## [Task goal]
Each image should be skipped while the records are restated word for word.

══ The records ══

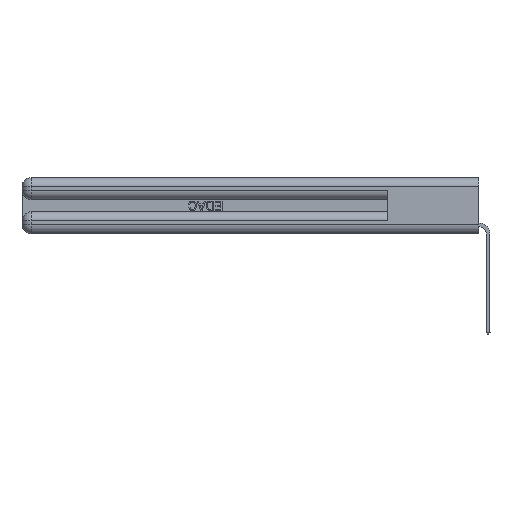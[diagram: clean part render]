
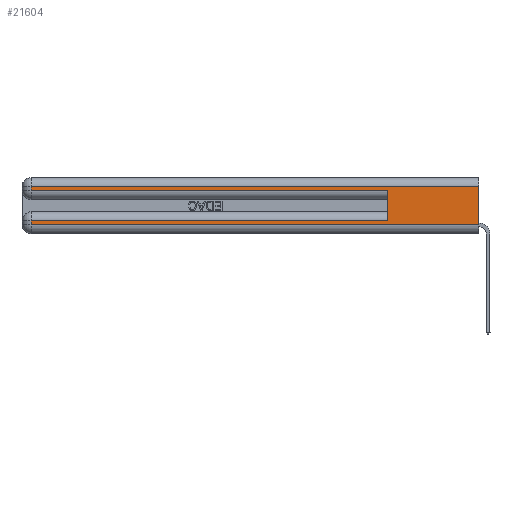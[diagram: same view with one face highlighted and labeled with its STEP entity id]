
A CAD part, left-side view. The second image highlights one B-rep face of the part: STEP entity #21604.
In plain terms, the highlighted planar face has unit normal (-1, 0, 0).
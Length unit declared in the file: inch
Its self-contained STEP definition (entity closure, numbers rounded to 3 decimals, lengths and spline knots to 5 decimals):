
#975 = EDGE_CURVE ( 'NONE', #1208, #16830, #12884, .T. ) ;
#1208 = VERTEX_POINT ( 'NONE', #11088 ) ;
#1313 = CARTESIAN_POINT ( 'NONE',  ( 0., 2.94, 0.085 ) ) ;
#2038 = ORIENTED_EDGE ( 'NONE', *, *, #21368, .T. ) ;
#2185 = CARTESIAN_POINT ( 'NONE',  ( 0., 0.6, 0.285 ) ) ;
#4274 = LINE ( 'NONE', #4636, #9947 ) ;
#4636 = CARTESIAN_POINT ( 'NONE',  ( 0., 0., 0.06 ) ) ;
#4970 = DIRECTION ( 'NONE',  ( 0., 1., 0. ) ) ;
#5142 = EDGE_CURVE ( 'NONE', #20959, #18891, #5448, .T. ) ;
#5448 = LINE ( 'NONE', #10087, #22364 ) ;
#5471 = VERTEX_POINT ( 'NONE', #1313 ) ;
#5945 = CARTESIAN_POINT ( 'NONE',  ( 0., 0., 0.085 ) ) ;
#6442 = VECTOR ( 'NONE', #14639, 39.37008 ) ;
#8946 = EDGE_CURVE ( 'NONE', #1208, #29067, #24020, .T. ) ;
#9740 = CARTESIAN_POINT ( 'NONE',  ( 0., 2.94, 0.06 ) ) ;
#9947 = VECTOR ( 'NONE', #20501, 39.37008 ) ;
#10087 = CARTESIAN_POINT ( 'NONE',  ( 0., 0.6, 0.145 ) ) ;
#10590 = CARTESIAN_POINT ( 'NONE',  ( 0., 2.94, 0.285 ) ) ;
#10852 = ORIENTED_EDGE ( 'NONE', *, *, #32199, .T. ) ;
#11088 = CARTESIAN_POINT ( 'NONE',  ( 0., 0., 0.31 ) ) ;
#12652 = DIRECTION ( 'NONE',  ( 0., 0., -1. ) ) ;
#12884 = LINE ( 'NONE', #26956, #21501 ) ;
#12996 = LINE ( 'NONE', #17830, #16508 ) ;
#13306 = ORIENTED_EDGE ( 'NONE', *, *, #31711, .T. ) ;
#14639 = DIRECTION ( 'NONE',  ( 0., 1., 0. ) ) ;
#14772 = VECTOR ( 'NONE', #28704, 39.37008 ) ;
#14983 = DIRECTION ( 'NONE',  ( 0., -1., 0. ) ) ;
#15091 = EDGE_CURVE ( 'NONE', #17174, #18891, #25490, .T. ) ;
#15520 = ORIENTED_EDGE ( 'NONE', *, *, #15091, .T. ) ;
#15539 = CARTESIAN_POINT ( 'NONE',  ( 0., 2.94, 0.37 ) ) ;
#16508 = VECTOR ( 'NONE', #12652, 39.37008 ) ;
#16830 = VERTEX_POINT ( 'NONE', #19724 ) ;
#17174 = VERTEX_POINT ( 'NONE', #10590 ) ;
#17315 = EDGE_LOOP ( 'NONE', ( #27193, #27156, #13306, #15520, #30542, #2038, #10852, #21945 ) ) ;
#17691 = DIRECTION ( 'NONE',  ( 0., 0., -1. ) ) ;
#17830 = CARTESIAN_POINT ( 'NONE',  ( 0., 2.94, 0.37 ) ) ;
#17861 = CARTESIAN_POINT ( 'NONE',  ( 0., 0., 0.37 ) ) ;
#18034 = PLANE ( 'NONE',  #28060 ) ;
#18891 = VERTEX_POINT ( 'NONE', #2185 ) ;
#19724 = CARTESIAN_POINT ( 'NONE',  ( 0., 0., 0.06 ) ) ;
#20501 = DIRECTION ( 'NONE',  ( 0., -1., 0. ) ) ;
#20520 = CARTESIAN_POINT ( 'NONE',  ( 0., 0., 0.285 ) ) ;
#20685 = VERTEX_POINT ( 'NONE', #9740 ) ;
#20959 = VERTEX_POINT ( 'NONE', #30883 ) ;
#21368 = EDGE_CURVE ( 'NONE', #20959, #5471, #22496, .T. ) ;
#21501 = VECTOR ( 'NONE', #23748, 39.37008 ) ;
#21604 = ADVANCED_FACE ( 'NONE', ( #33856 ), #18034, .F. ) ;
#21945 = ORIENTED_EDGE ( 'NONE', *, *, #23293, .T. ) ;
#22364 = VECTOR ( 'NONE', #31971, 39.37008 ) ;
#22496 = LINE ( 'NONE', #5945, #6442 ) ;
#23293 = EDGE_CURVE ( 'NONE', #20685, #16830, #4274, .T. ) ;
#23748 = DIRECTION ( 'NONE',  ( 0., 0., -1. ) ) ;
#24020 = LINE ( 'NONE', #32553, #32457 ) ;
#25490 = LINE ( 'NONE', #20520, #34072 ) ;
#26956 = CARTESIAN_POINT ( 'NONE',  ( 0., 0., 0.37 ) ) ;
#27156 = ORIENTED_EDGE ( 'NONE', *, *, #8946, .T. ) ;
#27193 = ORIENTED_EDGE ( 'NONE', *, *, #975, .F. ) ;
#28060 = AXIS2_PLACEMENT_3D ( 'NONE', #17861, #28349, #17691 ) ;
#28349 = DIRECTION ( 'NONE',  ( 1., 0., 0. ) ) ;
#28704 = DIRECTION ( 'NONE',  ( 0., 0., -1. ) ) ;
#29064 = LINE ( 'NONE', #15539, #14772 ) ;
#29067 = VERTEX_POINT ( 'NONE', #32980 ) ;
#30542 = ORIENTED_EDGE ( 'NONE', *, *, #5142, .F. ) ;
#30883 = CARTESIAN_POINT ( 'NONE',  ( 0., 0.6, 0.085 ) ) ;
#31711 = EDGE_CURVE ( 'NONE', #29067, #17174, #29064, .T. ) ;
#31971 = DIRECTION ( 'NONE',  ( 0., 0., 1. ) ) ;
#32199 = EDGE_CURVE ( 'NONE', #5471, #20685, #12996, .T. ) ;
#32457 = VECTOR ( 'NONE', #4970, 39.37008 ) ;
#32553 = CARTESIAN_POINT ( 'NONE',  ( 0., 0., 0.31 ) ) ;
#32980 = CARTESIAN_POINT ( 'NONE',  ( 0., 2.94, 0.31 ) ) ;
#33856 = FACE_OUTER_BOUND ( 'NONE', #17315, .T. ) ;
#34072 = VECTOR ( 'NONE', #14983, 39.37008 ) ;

═══

## [Solved problem]
[diagram: clean part render]
[diagram: same view with one face highlighted and labeled with its STEP entity id]
A CAD part, left-side view. The second image highlights one B-rep face of the part: STEP entity #21604.
In plain terms, the highlighted planar face has unit normal (-1, 0, 0).
Length unit declared in the file: inch
Its self-contained STEP definition (entity closure, numbers rounded to 3 decimals, lengths and spline knots to 5 decimals):
#975 = EDGE_CURVE ( 'NONE', #1208, #16830, #12884, .T. ) ;
#1208 = VERTEX_POINT ( 'NONE', #11088 ) ;
#1313 = CARTESIAN_POINT ( 'NONE',  ( 0., 2.94, 0.085 ) ) ;
#2038 = ORIENTED_EDGE ( 'NONE', *, *, #21368, .T. ) ;
#2185 = CARTESIAN_POINT ( 'NONE',  ( 0., 0.6, 0.285 ) ) ;
#4274 = LINE ( 'NONE', #4636, #9947 ) ;
#4636 = CARTESIAN_POINT ( 'NONE',  ( 0., 0., 0.06 ) ) ;
#4970 = DIRECTION ( 'NONE',  ( 0., 1., 0. ) ) ;
#5142 = EDGE_CURVE ( 'NONE', #20959, #18891, #5448, .T. ) ;
#5448 = LINE ( 'NONE', #10087, #22364 ) ;
#5471 = VERTEX_POINT ( 'NONE', #1313 ) ;
#5945 = CARTESIAN_POINT ( 'NONE',  ( 0., 0., 0.085 ) ) ;
#6442 = VECTOR ( 'NONE', #14639, 39.37008 ) ;
#8946 = EDGE_CURVE ( 'NONE', #1208, #29067, #24020, .T. ) ;
#9740 = CARTESIAN_POINT ( 'NONE',  ( 0., 2.94, 0.06 ) ) ;
#9947 = VECTOR ( 'NONE', #20501, 39.37008 ) ;
#10087 = CARTESIAN_POINT ( 'NONE',  ( 0., 0.6, 0.145 ) ) ;
#10590 = CARTESIAN_POINT ( 'NONE',  ( 0., 2.94, 0.285 ) ) ;
#10852 = ORIENTED_EDGE ( 'NONE', *, *, #32199, .T. ) ;
#11088 = CARTESIAN_POINT ( 'NONE',  ( 0., 0., 0.31 ) ) ;
#12652 = DIRECTION ( 'NONE',  ( 0., 0., -1. ) ) ;
#12884 = LINE ( 'NONE', #26956, #21501 ) ;
#12996 = LINE ( 'NONE', #17830, #16508 ) ;
#13306 = ORIENTED_EDGE ( 'NONE', *, *, #31711, .T. ) ;
#14639 = DIRECTION ( 'NONE',  ( 0., 1., 0. ) ) ;
#14772 = VECTOR ( 'NONE', #28704, 39.37008 ) ;
#14983 = DIRECTION ( 'NONE',  ( 0., -1., 0. ) ) ;
#15091 = EDGE_CURVE ( 'NONE', #17174, #18891, #25490, .T. ) ;
#15520 = ORIENTED_EDGE ( 'NONE', *, *, #15091, .T. ) ;
#15539 = CARTESIAN_POINT ( 'NONE',  ( 0., 2.94, 0.37 ) ) ;
#16508 = VECTOR ( 'NONE', #12652, 39.37008 ) ;
#16830 = VERTEX_POINT ( 'NONE', #19724 ) ;
#17174 = VERTEX_POINT ( 'NONE', #10590 ) ;
#17315 = EDGE_LOOP ( 'NONE', ( #27193, #27156, #13306, #15520, #30542, #2038, #10852, #21945 ) ) ;
#17691 = DIRECTION ( 'NONE',  ( 0., 0., -1. ) ) ;
#17830 = CARTESIAN_POINT ( 'NONE',  ( 0., 2.94, 0.37 ) ) ;
#17861 = CARTESIAN_POINT ( 'NONE',  ( 0., 0., 0.37 ) ) ;
#18034 = PLANE ( 'NONE',  #28060 ) ;
#18891 = VERTEX_POINT ( 'NONE', #2185 ) ;
#19724 = CARTESIAN_POINT ( 'NONE',  ( 0., 0., 0.06 ) ) ;
#20501 = DIRECTION ( 'NONE',  ( 0., -1., 0. ) ) ;
#20520 = CARTESIAN_POINT ( 'NONE',  ( 0., 0., 0.285 ) ) ;
#20685 = VERTEX_POINT ( 'NONE', #9740 ) ;
#20959 = VERTEX_POINT ( 'NONE', #30883 ) ;
#21368 = EDGE_CURVE ( 'NONE', #20959, #5471, #22496, .T. ) ;
#21501 = VECTOR ( 'NONE', #23748, 39.37008 ) ;
#21604 = ADVANCED_FACE ( 'NONE', ( #33856 ), #18034, .F. ) ;
#21945 = ORIENTED_EDGE ( 'NONE', *, *, #23293, .T. ) ;
#22364 = VECTOR ( 'NONE', #31971, 39.37008 ) ;
#22496 = LINE ( 'NONE', #5945, #6442 ) ;
#23293 = EDGE_CURVE ( 'NONE', #20685, #16830, #4274, .T. ) ;
#23748 = DIRECTION ( 'NONE',  ( 0., 0., -1. ) ) ;
#24020 = LINE ( 'NONE', #32553, #32457 ) ;
#25490 = LINE ( 'NONE', #20520, #34072 ) ;
#26956 = CARTESIAN_POINT ( 'NONE',  ( 0., 0., 0.37 ) ) ;
#27156 = ORIENTED_EDGE ( 'NONE', *, *, #8946, .T. ) ;
#27193 = ORIENTED_EDGE ( 'NONE', *, *, #975, .F. ) ;
#28060 = AXIS2_PLACEMENT_3D ( 'NONE', #17861, #28349, #17691 ) ;
#28349 = DIRECTION ( 'NONE',  ( 1., 0., 0. ) ) ;
#28704 = DIRECTION ( 'NONE',  ( 0., 0., -1. ) ) ;
#29064 = LINE ( 'NONE', #15539, #14772 ) ;
#29067 = VERTEX_POINT ( 'NONE', #32980 ) ;
#30542 = ORIENTED_EDGE ( 'NONE', *, *, #5142, .F. ) ;
#30883 = CARTESIAN_POINT ( 'NONE',  ( 0., 0.6, 0.085 ) ) ;
#31711 = EDGE_CURVE ( 'NONE', #29067, #17174, #29064, .T. ) ;
#31971 = DIRECTION ( 'NONE',  ( 0., 0., 1. ) ) ;
#32199 = EDGE_CURVE ( 'NONE', #5471, #20685, #12996, .T. ) ;
#32457 = VECTOR ( 'NONE', #4970, 39.37008 ) ;
#32553 = CARTESIAN_POINT ( 'NONE',  ( 0., 0., 0.31 ) ) ;
#32980 = CARTESIAN_POINT ( 'NONE',  ( 0., 2.94, 0.31 ) ) ;
#33856 = FACE_OUTER_BOUND ( 'NONE', #17315, .T. ) ;
#34072 = VECTOR ( 'NONE', #14983, 39.37008 ) ;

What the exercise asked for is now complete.